TASK OBJECTIVE: Would you please return every line from the listing that contains the word "dimtxt"?

SUPPLIED ENTRIES:
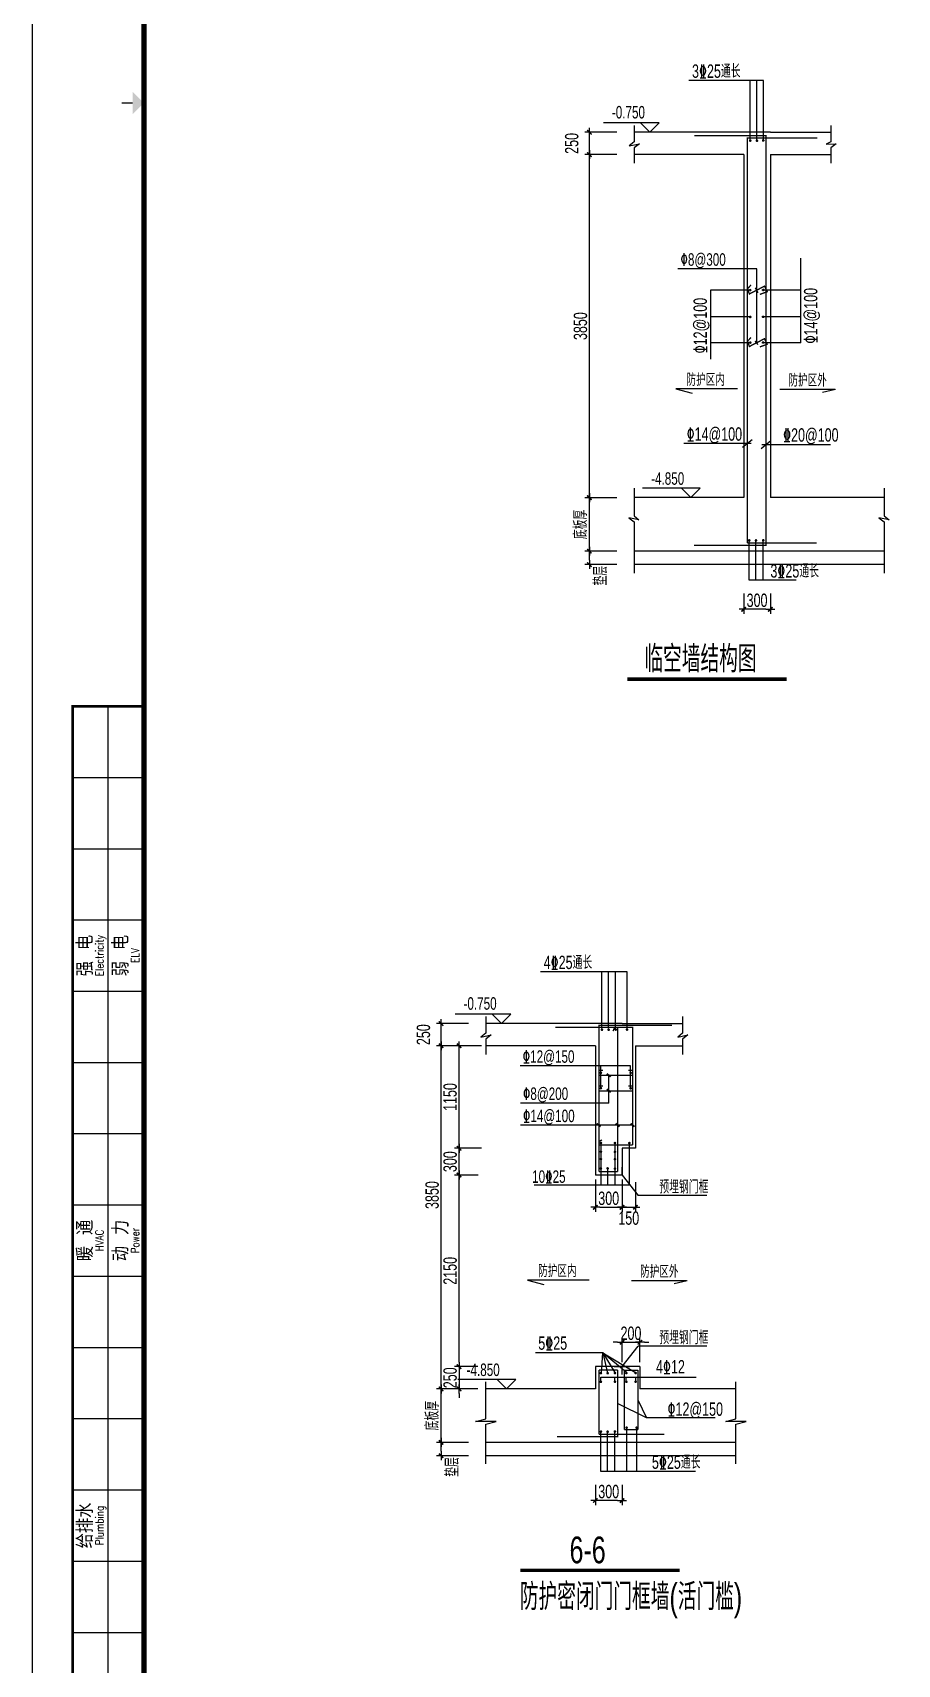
# Model space of a CAD drawing. Extents: x 68709 to 255391, y -65926 to 107615.
# Drawn here: x 68709 to 97859, y -8064 to 46908 of the extents above; entities that cross this region are included whole.
import ezdxf
from ezdxf.enums import TextEntityAlignment as Align
from ezdxf.xclip import XClip

# ---------------------------------------------------------------- set-up
doc = ezdxf.new("R2010")
doc.units = 0
doc.header["$LTSCALE"] = 2000
doc.header["$MEASUREMENT"] = 0
doc.header["$XCLIPFRAME"] = 0
doc.linetypes.add('DASH', pattern=[0.35, 0.25, -0.1])
doc.linetypes.add('DOTE', pattern=[2.42, 2, -0.2, 0.02, -0.2])
doc.layers.get('0').update_dxf_attribs({"linetype": 'CONTINUOUS'})
doc.layers.get('Defpoints').update_dxf_attribs({"linetype": 'CONTINUOUS'})
for name, color, linetype in [('AXIS', 3, 'CONTINUOUS'), ('dote', 8, 'CONTINUOUS'), ('RFPM$0$0-详图-line', 6, 'CONTINUOUS'), ('RFPM$0$0-详图-text', 4, 'CONTINUOUS'), ('RFPM$0$0-详图-钢筋', 1, 'CONTINUOUS')]:
    doc.layers.add(name, color=color, linetype=linetype)
doc.styles.add('0x_tk_A0_LIN$0$TKZ2_tjkts.shx', font='tjromant.shx', dxfattribs={"bigfont": 'tjkts.shx'})
doc.styles.add('DIM_FONT', font='SIMPLEX.shx', dxfattribs={"width": 0.8})
doc.styles.add('MEN', font='tjromans.shx', dxfattribs={"width": 0.7, "bigfont": 'tjhztxt.shx'})
doc.styles.add('RFPM$0$link', font='tj03-romand1.shx', dxfattribs={"width": 0.7, "bigfont": 'hztxt5.shx'})
doc.dimstyles.new('DIMN300', dxfattribs={"dimscale": 1.5, "dimtxt": 300, "dimasz": 100, "dimexe": 100, "dimexo": 100, "dimgap": 100, "dimtad": 1, "dimdec": 0, "dimzin": 0, "dimdsep": 46, "dimtxsty": 'MEN', "dimblk": 'ARCHTICK', "dimcen": 1.5, "dimdle": 100, "dimclrt": 7, "dimazin": 2, "dimtfac": 1, "dimtdec": 0, "dimtix": 1, "dimtmove": 2, "dimatfit": 3, "dimfxl": 0, "dimtolj": 1, "dimtzin": 0, "dimarcsym": 0})
doc.dimstyles.new('RFPM$0$jg-100p2', dxfattribs={"dimtxt": 300, "dimasz": 100, "dimexe": 100, "dimexo": 100, "dimgap": 50, "dimtad": 1, "dimdec": 0, "dimlfac": 0.5, "dimzin": 0, "dimdsep": 46, "dimtxsty": 'RFPM$0$link', "dimblk": 'RFPM$0$0-dim-mark', "dimcen": 100, "dimazin": 2, "dimtfac": 1, "dimtdec": 0, "dimtix": 1, "dimtmove": 2, "dimatfit": 3, "dimldrblk": 'RFPM$0$0-dim-mark', "dimfxl": 0, "dimtolj": 1, "dimtzin": 0, "dimarcsym": 0})

# ---------------------------------------------------------------- blocks, each defined once
blk = doc.blocks.new('0x_tk_A0_LIN$0$TJAD_TK_A0')
for p, q in [((973, -441.7), (973, 399.3)), ((990, -412.7), (990, -156.7)), ((982, -172.7), (998, -172.7)), ((982, -188.7), (998, -188.7)), ((982, -204.7), (998, -204.7)), ((982, -220.7), (998, -220.7)), ((982, -236.7), (998, -236.7)), ((982, -252.7), (998, -252.7)), ((982, -268.7), (998, -268.7)), ((982, -284.7), (998, -284.7)), ((982, -300.7), (998, -300.7)), ((982, -316.7), (998, -316.7)), ((982, -332.7), (998, -332.7)), ((982, -348.7), (998, -348.7)), ((982, -364.7), (998, -364.7))]:
    blk.add_line(p, q)
at = {"const_width": 1.2}
blk.add_lwpolyline([(2152, -431.7), (2152, 389.3), (998, 389.3), (998, -431.7)], close=True, dxfattribs=at)
for points, const_width in [([(995.5, -21.2), (993, -21.2)], 0.3), ([(998, -431.7), (982, -431.7), (982, -156.7), (998, -156.7)], 0.6)]:
    blk.add_lwpolyline(points, dxfattribs=dict(const_width=const_width))
blk.add_solid([(995.5, -23.7), (995.5, -18.7), (998, -21.2)])
at = {"style": '0x_tk_A0_LIN$0$TKZ2_tjkts.shx'}
for s, p in [('强 电', (984.79, -212.7)), ('弱 电', (992.79, -212.7)), ('暖 通', (984.79, -276.7)), ('动 力', (992.79, -276.7)), ('给排水', (984.79, -340.7))]:
    blk.add_text(s, height=3.6, rotation=90, dxfattribs=at).set_placement(p, align=Align.MIDDLE_CENTER)
at = {"style": '0x_tk_A0_LIN$0$TKZ2_tjkts.shx', "width": 0.8}
for s, p in [('Electricity', (988.02, -212.7)), ('ELV', (996.02, -212.7)), ('HVAC', (988.02, -276.7)), ('Power', (996.02, -276.7)), ('Plumbing', (988.02, -340.7))]:
    blk.add_text(s, height=1.8, rotation=90, dxfattribs=at).set_placement(p, align=Align.MIDDLE_CENTER)
blk = doc.blocks.new('0x_tk_A0_LIN')
blk.add_blockref('0x_tk_A0_LIN$0$TJAD_TK_A0', (-973, 441.7))
blk = doc.blocks.new('RFPM$0$0-dim-mark')
blk.add_line((-1, 0), (1, 0))
at = {"color": 0, "linetype": 'ByBlock', "const_width": 0.35}
blk.add_lwpolyline([(-0.5, -0.5), (0.5, 0.5)], dxfattribs=at)
blk = doc.blocks.new('*D187')
at = {"layer": 'Defpoints', "color": 0, "transparency": 16777216}
for p in [(518493971, 4145111374), (518494689, 4145111374), (518494689, 4145103674)]:
    blk.add_point(p, dxfattribs=at)
at = {"layer": 'RFPM$0$0-详图-text', "color": 0, "lineweight": -2, "transparency": 16777216}
for p, q in [((518494589, 4145111374), (518493871, 4145111374)), ((518493971, 4145103774), (518493971, 4145111274)), ((518494589, 4145103674), (518493871, 4145103674))]:
    blk.add_line(p, q, dxfattribs=at)
at = {"layer": 'RFPM$0$0-详图-text', "color": 0, "lineweight": -2, "transparency": 16777216, "xscale": 100, "yscale": 100, "zscale": 100}
for p, rotation in [((518493971, 4145111374), 90), ((518493971, 4145103674), 270)]:
    blk.add_blockref('RFPM$0$0-dim-mark', p, dxfattribs=dict(at, rotation=rotation))
at = {"layer": 'RFPM$0$0-详图-text', "color": 0, "transparency": 16777216, "insert": (518493771, 4145107524), "char_height": 300, "attachment_point": 5, "rotation": 90, "style": 'RFPM$0$link'}
blk.add_mtext('\\A1;3850', dxfattribs=at)
blk = doc.blocks.new('*D188')
at = {"layer": 'Defpoints', "color": 0, "transparency": 16777216}
for p in [(518493971, 4145103674), (518494689, 4145103674), (518494689, 4145102474)]:
    blk.add_point(p, dxfattribs=at)
at = {"layer": 'RFPM$0$0-详图-text', "color": 0, "lineweight": -2, "transparency": 16777216}
for p, q in [((518494589, 4145103674), (518493871, 4145103674)), ((518493971, 4145102574), (518493971, 4145103574)), ((518494589, 4145102474), (518493871, 4145102474))]:
    blk.add_line(p, q, dxfattribs=at)
at = {"layer": 'RFPM$0$0-详图-text', "color": 0, "lineweight": -2, "transparency": 16777216, "xscale": 100, "yscale": 100, "zscale": 100}
for p, rotation in [((518493971, 4145103674), 90), ((518493971, 4145102474), 270)]:
    blk.add_blockref('RFPM$0$0-dim-mark', p, dxfattribs=dict(at, rotation=rotation))
at = {"layer": 'RFPM$0$0-详图-text', "color": 0, "transparency": 16777216, "insert": (518493771, 4145103074), "char_height": 300, "attachment_point": 5, "rotation": 90, "style": 'RFPM$0$link'}
blk.add_mtext('\\A1;底板厚', dxfattribs=at)
blk = doc.blocks.new('*D189')
at = {"layer": 'Defpoints', "color": 0, "transparency": 16777216}
for p in [(518493971, 4145102474), (518494689, 4145102474), (518494689, 4145102174)]:
    blk.add_point(p, dxfattribs=at)
at = {"layer": 'RFPM$0$0-详图-text', "color": 0, "lineweight": -2, "transparency": 16777216}
for p, q in [((518494589, 4145102474), (518493871, 4145102474)), ((518493971, 4145102274), (518493971, 4145102374)), ((518494589, 4145102174), (518493871, 4145102174))]:
    blk.add_line(p, q, dxfattribs=at)
at = {"layer": 'RFPM$0$0-详图-text', "color": 0, "lineweight": -2, "transparency": 16777216, "xscale": 100, "yscale": 100, "zscale": 100}
for p, rotation in [((518493971, 4145102474), 90), ((518493971, 4145102174), 270)]:
    blk.add_blockref('RFPM$0$0-dim-mark', p, dxfattribs=dict(at, rotation=rotation))
at = {"layer": 'RFPM$0$0-详图-text', "color": 0, "transparency": 16777216, "insert": (518494221, 4145101924), "char_height": 300, "attachment_point": 5, "rotation": 90, "style": 'RFPM$0$link'}
blk.add_mtext('\\A1;垫层', dxfattribs=at)
blk = doc.blocks.new('*D190')
at = {"layer": 'Defpoints', "color": 0, "transparency": 16777216}
for p in [(518497436, 4145101624), (518498036, 4145101624), (518497436, 4145101169)]:
    blk.add_point(p, dxfattribs=at)
at = {"layer": 'RFPM$0$0-详图-text', "color": 0, "lineweight": -2, "transparency": 16777216}
for p, q in [((518497436, 4145101524), (518497436, 4145101069)), ((518498036, 4145101524), (518498036, 4145101069)), ((518497936, 4145101169), (518497536, 4145101169))]:
    blk.add_line(p, q, dxfattribs=at)
at = {"layer": 'RFPM$0$0-详图-text', "color": 0, "lineweight": -2, "transparency": 16777216, "xscale": 100, "yscale": 100, "zscale": 100, "rotation": 180}
blk.add_blockref('RFPM$0$0-dim-mark', (518497436, 4145101169), dxfattribs=at)
at = {"layer": 'RFPM$0$0-详图-text', "color": 0, "lineweight": -2, "transparency": 16777216, "xscale": 100, "yscale": 100, "zscale": 100}
blk.add_blockref('RFPM$0$0-dim-mark', (518498036, 4145101169), dxfattribs=at)
at = {"layer": 'RFPM$0$0-详图-text', "color": 0, "transparency": 16777216, "insert": (518497736, 4145101369), "char_height": 300, "attachment_point": 5, "style": 'RFPM$0$link'}
blk.add_mtext('\\A1;300', dxfattribs=at)
blk = doc.blocks.new('*D167')
at = {"layer": 'Defpoints', "color": 0, "transparency": 16777216}
for p in [(518493971, 4145111874), (518494689, 4145111874), (518494689, 4145111374)]:
    blk.add_point(p, dxfattribs=at)
at = {"layer": 'RFPM$0$0-详图-text', "color": 0, "lineweight": -2, "transparency": 16777216}
for p, q in [((518494589, 4145111874), (518493871, 4145111874)), ((518493971, 4145111474), (518493971, 4145111774)), ((518494589, 4145111374), (518493871, 4145111374))]:
    blk.add_line(p, q, dxfattribs=at)
at = {"layer": 'RFPM$0$0-详图-text', "color": 0, "lineweight": -2, "transparency": 16777216, "xscale": 100, "yscale": 100, "zscale": 100}
for p, rotation in [((518493971, 4145111874), 90), ((518493971, 4145111374), 270)]:
    blk.add_blockref('RFPM$0$0-dim-mark', p, dxfattribs=dict(at, rotation=rotation))
at = {"layer": 'RFPM$0$0-详图-text', "color": 0, "transparency": 16777216, "insert": (518493576, 4145111624), "char_height": 300, "attachment_point": 5, "rotation": 90, "style": 'RFPM$0$link'}
blk.add_mtext('\\A1;250', dxfattribs=at)
blk = doc.blocks.new('*D192')
at = {"layer": 'Defpoints', "color": 0, "transparency": 16777216}
for p in [(518490641, 4145091374), (518491359, 4145091374), (518491359, 4145083674)]:
    blk.add_point(p, dxfattribs=at)
at = {"layer": 'RFPM$0$0-详图-text', "color": 0, "lineweight": -2, "transparency": 16777216}
for p, q in [((518491259, 4145091374), (518490541, 4145091374)), ((518490641, 4145083774), (518490641, 4145091274)), ((518491259, 4145083674), (518490541, 4145083674))]:
    blk.add_line(p, q, dxfattribs=at)
at = {"layer": 'RFPM$0$0-详图-text', "color": 0, "lineweight": -2, "transparency": 16777216, "xscale": 100, "yscale": 100, "zscale": 100}
for p, rotation in [((518490641, 4145091374), 90), ((518490641, 4145083674), 270)]:
    blk.add_blockref('RFPM$0$0-dim-mark', p, dxfattribs=dict(at, rotation=rotation))
at = {"layer": 'RFPM$0$0-详图-text', "color": 0, "transparency": 16777216, "insert": (518490441, 4145088024), "char_height": 300, "attachment_point": 5, "rotation": 90, "style": 'RFPM$0$link'}
blk.add_mtext('\\A1;3850', dxfattribs=at)
blk = doc.blocks.new('*D193')
at = {"layer": 'Defpoints', "color": 0, "transparency": 16777216}
for p in [(518490641, 4145083674), (518491359, 4145083674), (518491359, 4145082474)]:
    blk.add_point(p, dxfattribs=at)
at = {"layer": 'RFPM$0$0-详图-text', "color": 0, "lineweight": -2, "transparency": 16777216}
for p, q in [((518491259, 4145083674), (518490541, 4145083674)), ((518490641, 4145082574), (518490641, 4145083574)), ((518491259, 4145082474), (518490541, 4145082474))]:
    blk.add_line(p, q, dxfattribs=at)
at = {"layer": 'RFPM$0$0-详图-text', "color": 0, "lineweight": -2, "transparency": 16777216, "xscale": 100, "yscale": 100, "zscale": 100}
for p, rotation in [((518490641, 4145083674), 90), ((518490641, 4145082474), 270)]:
    blk.add_blockref('RFPM$0$0-dim-mark', p, dxfattribs=dict(at, rotation=rotation))
at = {"layer": 'RFPM$0$0-详图-text', "color": 0, "transparency": 16777216, "insert": (518490441, 4145083074), "char_height": 300, "attachment_point": 5, "rotation": 90, "style": 'RFPM$0$link'}
blk.add_mtext('\\A1;底板厚', dxfattribs=at)
blk = doc.blocks.new('*D194')
at = {"layer": 'Defpoints', "color": 0, "transparency": 16777216}
for p in [(518490641, 4145082474), (518491359, 4145082474), (518491359, 4145082174)]:
    blk.add_point(p, dxfattribs=at)
at = {"layer": 'RFPM$0$0-详图-text', "color": 0, "lineweight": -2, "transparency": 16777216}
for p, q in [((518491259, 4145082474), (518490541, 4145082474)), ((518490641, 4145082274), (518490641, 4145082374)), ((518491259, 4145082174), (518490541, 4145082174))]:
    blk.add_line(p, q, dxfattribs=at)
at = {"layer": 'RFPM$0$0-详图-text', "color": 0, "lineweight": -2, "transparency": 16777216, "xscale": 100, "yscale": 100, "zscale": 100}
for p, rotation in [((518490641, 4145082474), 90), ((518490641, 4145082174), 270)]:
    blk.add_blockref('RFPM$0$0-dim-mark', p, dxfattribs=dict(at, rotation=rotation))
at = {"layer": 'RFPM$0$0-详图-text', "color": 0, "transparency": 16777216, "insert": (518490891, 4145081924), "char_height": 300, "attachment_point": 5, "rotation": 90, "style": 'RFPM$0$link'}
blk.add_mtext('\\A1;垫层', dxfattribs=at)
blk = doc.blocks.new('*D195')
at = {"layer": 'Defpoints', "color": 0, "transparency": 16777216}
for p in [(518494105, 4145081624), (518494705, 4145081624), (518494105, 4145081169)]:
    blk.add_point(p, dxfattribs=at)
at = {"layer": 'RFPM$0$0-详图-text', "color": 0, "lineweight": -2, "transparency": 16777216}
for p, q in [((518494105, 4145081524), (518494105, 4145081069)), ((518494705, 4145081524), (518494705, 4145081069)), ((518494605, 4145081169), (518494205, 4145081169))]:
    blk.add_line(p, q, dxfattribs=at)
at = {"layer": 'RFPM$0$0-详图-text', "color": 0, "lineweight": -2, "transparency": 16777216, "xscale": 100, "yscale": 100, "zscale": 100, "rotation": 180}
blk.add_blockref('RFPM$0$0-dim-mark', (518494105, 4145081169), dxfattribs=at)
at = {"layer": 'RFPM$0$0-详图-text', "color": 0, "lineweight": -2, "transparency": 16777216, "xscale": 100, "yscale": 100, "zscale": 100}
blk.add_blockref('RFPM$0$0-dim-mark', (518494705, 4145081169), dxfattribs=at)
at = {"layer": 'RFPM$0$0-详图-text', "color": 0, "transparency": 16777216, "insert": (518494405, 4145081369), "char_height": 300, "attachment_point": 5, "style": 'RFPM$0$link'}
blk.add_mtext('\\A1;300', dxfattribs=at)
blk = doc.blocks.new('*D196')
at = {"layer": 'Defpoints', "color": 0, "transparency": 16777216}
for p in [(518490641, 4145091874), (518491359, 4145091874), (518491359, 4145091374)]:
    blk.add_point(p, dxfattribs=at)
at = {"layer": 'RFPM$0$0-详图-text', "color": 0, "lineweight": -2, "transparency": 16777216}
for p, q in [((518491259, 4145091874), (518490541, 4145091874)), ((518490641, 4145091474), (518490641, 4145091774)), ((518491259, 4145091374), (518490541, 4145091374))]:
    blk.add_line(p, q, dxfattribs=at)
at = {"layer": 'RFPM$0$0-详图-text', "color": 0, "lineweight": -2, "transparency": 16777216, "xscale": 100, "yscale": 100, "zscale": 100}
for p, rotation in [((518490641, 4145091874), 90), ((518490641, 4145091374), 270)]:
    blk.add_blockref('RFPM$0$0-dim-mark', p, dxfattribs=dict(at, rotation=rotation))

SOLUTION:
doc.dimstyles.new('DIMN300', dxfattribs={"dimscale": 1.5, "dimtxt": 300, "dimasz": 100, "dimexe": 100, "dimexo": 100, "dimgap": 100, "dimtad": 1, "dimdec": 0, "dimzin": 0, "dimdsep": 46, "dimtxsty": 'MEN', "dimblk": 'ARCHTICK', "dimcen": 1.5, "dimdle": 100, "dimclrt": 7, "dimazin": 2, "dimtfac": 1, "dimtdec": 0, "dimtix": 1, "dimtmove": 2, "dimatfit": 3, "dimfxl": 0, "dimtolj": 1, "dimtzin": 0, "dimarcsym": 0})
doc.dimstyles.new('RFPM$0$jg-100p2', dxfattribs={"dimtxt": 300, "dimasz": 100, "dimexe": 100, "dimexo": 100, "dimgap": 50, "dimtad": 1, "dimdec": 0, "dimlfac": 0.5, "dimzin": 0, "dimdsep": 46, "dimtxsty": 'RFPM$0$link', "dimblk": 'RFPM$0$0-dim-mark', "dimcen": 100, "dimazin": 2, "dimtfac": 1, "dimtdec": 0, "dimtix": 1, "dimtmove": 2, "dimatfit": 3, "dimldrblk": 'RFPM$0$0-dim-mark', "dimfxl": 0, "dimtolj": 1, "dimtzin": 0, "dimarcsym": 0})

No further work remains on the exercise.